6. Proclaiming the Gospel is a perennial task and joy for the Church of Jesus Christ. Rarely if ever has it been more pressing a need, more urgent a duty, and more ennobling a vocation than in these times when mankind stands poised between unprecedented fulfillment and equally unprecedented calamity.
13. Education is one of the most important ways by which the Church fulfills its commitment to the dignity of the person and the building of community. Community is central to educational ministry both as a necessary condition and an ardently desired goal. The educational efforts of the Church must therefore be directed to forming persons-in-community; for the education of the individual Christian is important not only to his solitary destiny but also to the destinies of the many communities in which he lives.
14. The educational mission of the Church is an integrated ministry embracing three interlocking dimensions: the message revealed by God (didache) which the Church proclaims; fellowship in the life of the Holy Spirit (koinonia); service to the Christian community and the entire human community (diakonia). While these three essential elements can be separated for the sake of analysis, they are joined in the one educational ministry. Each educational program or institution under Church sponsorship is obliged to contribute in it own way to the realization of the threefold purpose within the total educational ministry...
MESSAGE:
16. Revelation is the act by which God unfolds to mankind the mystery of Himself and His plan for salvation. In Jesus, the Son of God, the message of the Old Law was fulfilled and the fullness of God's message was communicated. At the time of the Apostles the message of salvation was completed, and we therefore "await no further new public revelation before the glorious manifestation of our Lord Jesus Christ" (Dei Verbum, 4). It is this message, this doctrine, which the Church is called to proclaim authentically and fully.
COMMUNITY:
22. As God's plan unfolds in the life of an individual Christian, he grows in awareness that, as a child of God, he does not live in isolation from others. From the moment of Baptism he becomes a member of a new and larger family, the Christian community. Reborn in Baptism, he is joined to others in common faith, hope, and love. This community is based not on force or accident of geographic location or even on deeper ties of ethnic origin, but on the life of the Spirit which unites its members in a unique fellowship so intimate that Paul likens it to a body of which each individual is a part and Jesus Himself is the Head...
SERVICE:
28. The experience of Christian community leads naturally to service. Christ gives His people different gifts not only for themselves but for others. Each must serve the other for the good of all. The Church is a servant community in which those who hunger are to be filled; the ignorant are to be taught; the homeless to receive shelter; the sick cared for; the distressed consoled; the oppressed set free -- all so that men may more fully realize their human potential and more readilty enjoy life with God now and eternally.

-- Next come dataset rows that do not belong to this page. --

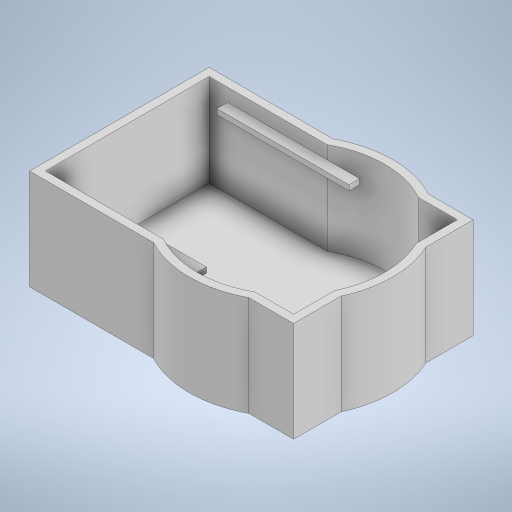
# Autodesk Inventor part: Box Base Plate
Saved by Autodesk Inventor 2023 (Build 270158000, 158)
## iProperties
Created: 2022-10-24
Part Number: Box Base Plate
Material: Generic
Document SubType Name: Modeling
Designer: cheng
Density: 1 g/cm^3
Appearance: Default
Author: cheng
Autodesk Inventor part; units mm, degrees
ref_plane "YZ Plane" through (0, 0, 0) normal (1, 0, 0) x (0, 1, 0)
ref_plane "XZ Plane" through (0, 0, 0) normal (0, 1, 0) x (-1, 0, 0)
ref_plane "XY Plane" through (0, 0, 0) normal (0, 0, 1) x (1, 0, 0)
sketch "Sketch1" plane through (0, 0, 0) normal (0, 1, 0) x (-1, 0, 0)
  line L0 (500, -340) -> (-500, -340)
  line L1 (-500, -340) -> (-500, 340)
  line L2 (-500, 340) -> (500, 340)
  line L3 (500, 340) -> (500, -340)
  line L4 (500, -340) -> (-500, 340) construction
  line L5 (-500, -340) -> (500, 340) construction
  circle A0 centre (-150, 0) radius 335
  circle A1 centre (-150, 0) radius 385
  point P0 (0, 0)
  point P1 (-500, 0)
  point P2 (-495, 0)
  point P3 (-495, -64.0312)
  point P4 (30.6239, 340)
  point P5 (-330.6239, 340)
  point P6 (-500, 160.3901)
  point P7 (-500, -160.3901)
  point P8 (-330.6239, -340)
  point P9 (30.6239, -340)
  dimension "d0" = 1000
  dimension "d1" = 680
  dimension "d2" = 670
  dimension "d3" = 350
  dimension "d6" = 50
  constraints: 12 end point, 3 midpoint, 2 centre point, 2 parallel, 1 coincident, 1 horizontal, 1 perpendicular
  measures "d0" distance of L0.start L0.end
  measures "d1" distance of L0.end L1.end
  measures "d2" diameter of A0
  measures "d3" distance of point (-500, 0) A0.centre
  measures "d6" radial gap between concentric circles of A0 A1
extrude "Extrusion1" add sketch "Sketch1" along normal blind 30 contours L0 A1 L2 L3 | A1 L0 | L0 A1 L1 L2 | L0 L1 A1 | L2 A1 | A1 L1 | A1 L1 L2 | A0
sketch "Sketch3" plane through (0, 30, 0) normal (0, 1, 0) x (1, 0, 0)
  arc A0 (330.6239, 340) -> (-30.6239, 340) centre (150, 0) ccw projected
  line L0 (330.6239, -340) -> (500, -340) projected
  line L1 (-30.6239, 340) -> (330.6239, -340)
  line L2 (500, 340) -> (330.6239, 340) projected
  line L3 (330.6239, 340) -> (-30.6239, -340)
  circle A1 centre (150, 0) radius 385
  circle A2 centre (150, 0) radius 355
  line L4 (-30.6239, 340) -> (-500, 340) projected
  line L5 (-500, 340) -> (-500, -340) projected
  line L6 (-500, -340) -> (-30.6239, -340) projected
  line L7 (500, -340) -> (500, -160.3901) projected
  line L8 (500, 160.3901) -> (500, 340) projected
  arc A3 (330.6239, 340) -> (-30.6239, 340) centre (150, 0) ccw projected
  arc A4 (-30.6239, -340) -> (330.6239, -340) centre (150, 0) ccw projected
  line L9 (470, 310) -> (-470, 310)
  line L10 (-470, 310) -> (-470, -310)
  line L11 (-470, -310) -> (470, -310)
  line L12 (470, -310) -> (470, 310)
  line L13 (470, 310) -> (-470, -310) construction
  line L14 (-470, 310) -> (470, -310) construction
  point P0 (0, 0)
  point P1 (-30.6239, -340)
  point P2 (-22.9884, -310)
  point P3 (-22.9884, 310)
  point P4 (322.9884, 310)
  point P5 (470, 153.7043)
  point P6 (470, -153.7043)
  point P7 (322.9884, -310)
  dimension "d7" = 30
  dimension "d8" = 30
  dimension "d9" = 30
  constraints: 16 end point, 2 centre point, 2 coincident, 2 midpoint, 2 parallel, 1 horizontal, 1 perpendicular
  measures "d7" distance between parallel lines of L4 L9
  measures "d8" distance between parallel lines of L5 L10
  measures "d9" radial gap between concentric circles of A0 A2
extrude "Extrusion2" add sketch "Sketch3" along normal blind 350 contours L3 A2 L1 A0 | A1 L9 A2 L3 | L2 L8 A1 L12 L9 | L1 A2 L9 A1 | A1 L9 L10 L11 L6 L5 L4 | A1 L12 A2 | L11 A2 L3 A1 | L3 A2 L1 A1 | L7 L0 A1 L11 L12 | L1 A2 L11 A1
sketch "Sketch4" plane through (-470, 30, -310) normal (0, 0, 1) x (1, 0, 0)
  line L0 (70, 300) -> (570, 300)
  line L1 (570, 300) -> (570, 280)
  line L2 (570, 280) -> (70, 280)
  line L3 (70, 280) -> (70, 300)
  line L4 (0, 0) -> (0, 350) projected
  line L5 (0, 350) -> (447.0116, 350) projected
  point P0 (470, -30)
  point P1 (570, 290)
  dimension "d12" = 70
  dimension "d13" = 500
  dimension "d14" = 20
  dimension "d15" = 50
  constraints: 8 end point, 2 parallel, 1 horizontal, 1 midpoint, 1 perpendicular
  measures "d12" distance between parallel lines of L4 L3
  measures "d13" distance from line of point (570, 290) L3
  measures "d14" distance between parallel lines of L2 L0
  measures "d15" distance between parallel lines of L5 L0
extrude "Extrusion3" add sketch "Sketch4" along normal blind 40
sketch "Sketch5" plane through (-22.9884, 30, 310) normal (0, 0, -1) x (-1, 0, 0)
  line L0 (377.0116, 300) -> (-122.9884, 300)
  line L1 (-122.9884, 300) -> (-122.9884, 280)
  line L2 (-122.9884, 280) -> (377.0116, 280)
  line L3 (377.0116, 280) -> (377.0116, 300)
  line L4 (0, 350) -> (447.0116, 350) projected
  line L5 (447.0116, 0) -> (447.0116, 350) projected
  point P0 (-22.9884, -30)
  dimension "d18" = 50
  dimension "d19" = 20
  dimension "d20" = 70
  dimension "d21" = 500
  constraints: 8 end point, 2 parallel, 1 horizontal, 1 perpendicular
  measures "d18" distance between parallel lines of L4 L0
  measures "d19" distance between parallel lines of L2 L0
  measures "d20" distance between parallel lines of L5 L3
  measures "d21" distance between parallel lines of L3 L1
extrude "Extrusion4" add sketch "Sketch5" along normal blind 40
body "Solid1"

29. But the Christian community should not be concerned only for itself. Christ did not intend it to live walled off from the world any more than He intended each person to work out his destiny in isolation from others. Fidelity to the will of Christ joins His community with the total human community...
31. Beyond question the vision of the threefold educational ministry presented here is an ambitious one. Were it of human origin, one might well despair of its attainment. But since it represents God's plan, it must be energetically pursued...
Looking at this document, two things strike me -- the emphasis (which I have highlighted) on the Plan of God ("In all wisdom and insight, he has made known to us the mystery 5 of his will in accord with his favor that he set forth in him as a plan for the fullness of times, to sum up all things in Christ, in heaven and on earth" -- Ephesians 1:8c-10) and the central importance placed on community (which the document defines as: "fellowship in the life of the Holy Spirit"). To teach as Jesus did, then, is not a question of imparting information but of orienting hearts and minds and souls to the communital dimension of life and the plan of God for cosmic communion in Christ ("to sum up all things in Christ...").
These should be the measures we use to decide whether a catechetical method is "working" or is even worthy of being called "Catholic": How does it build, sustain, and encourage koinonia? How does it educate us to the Plan of God?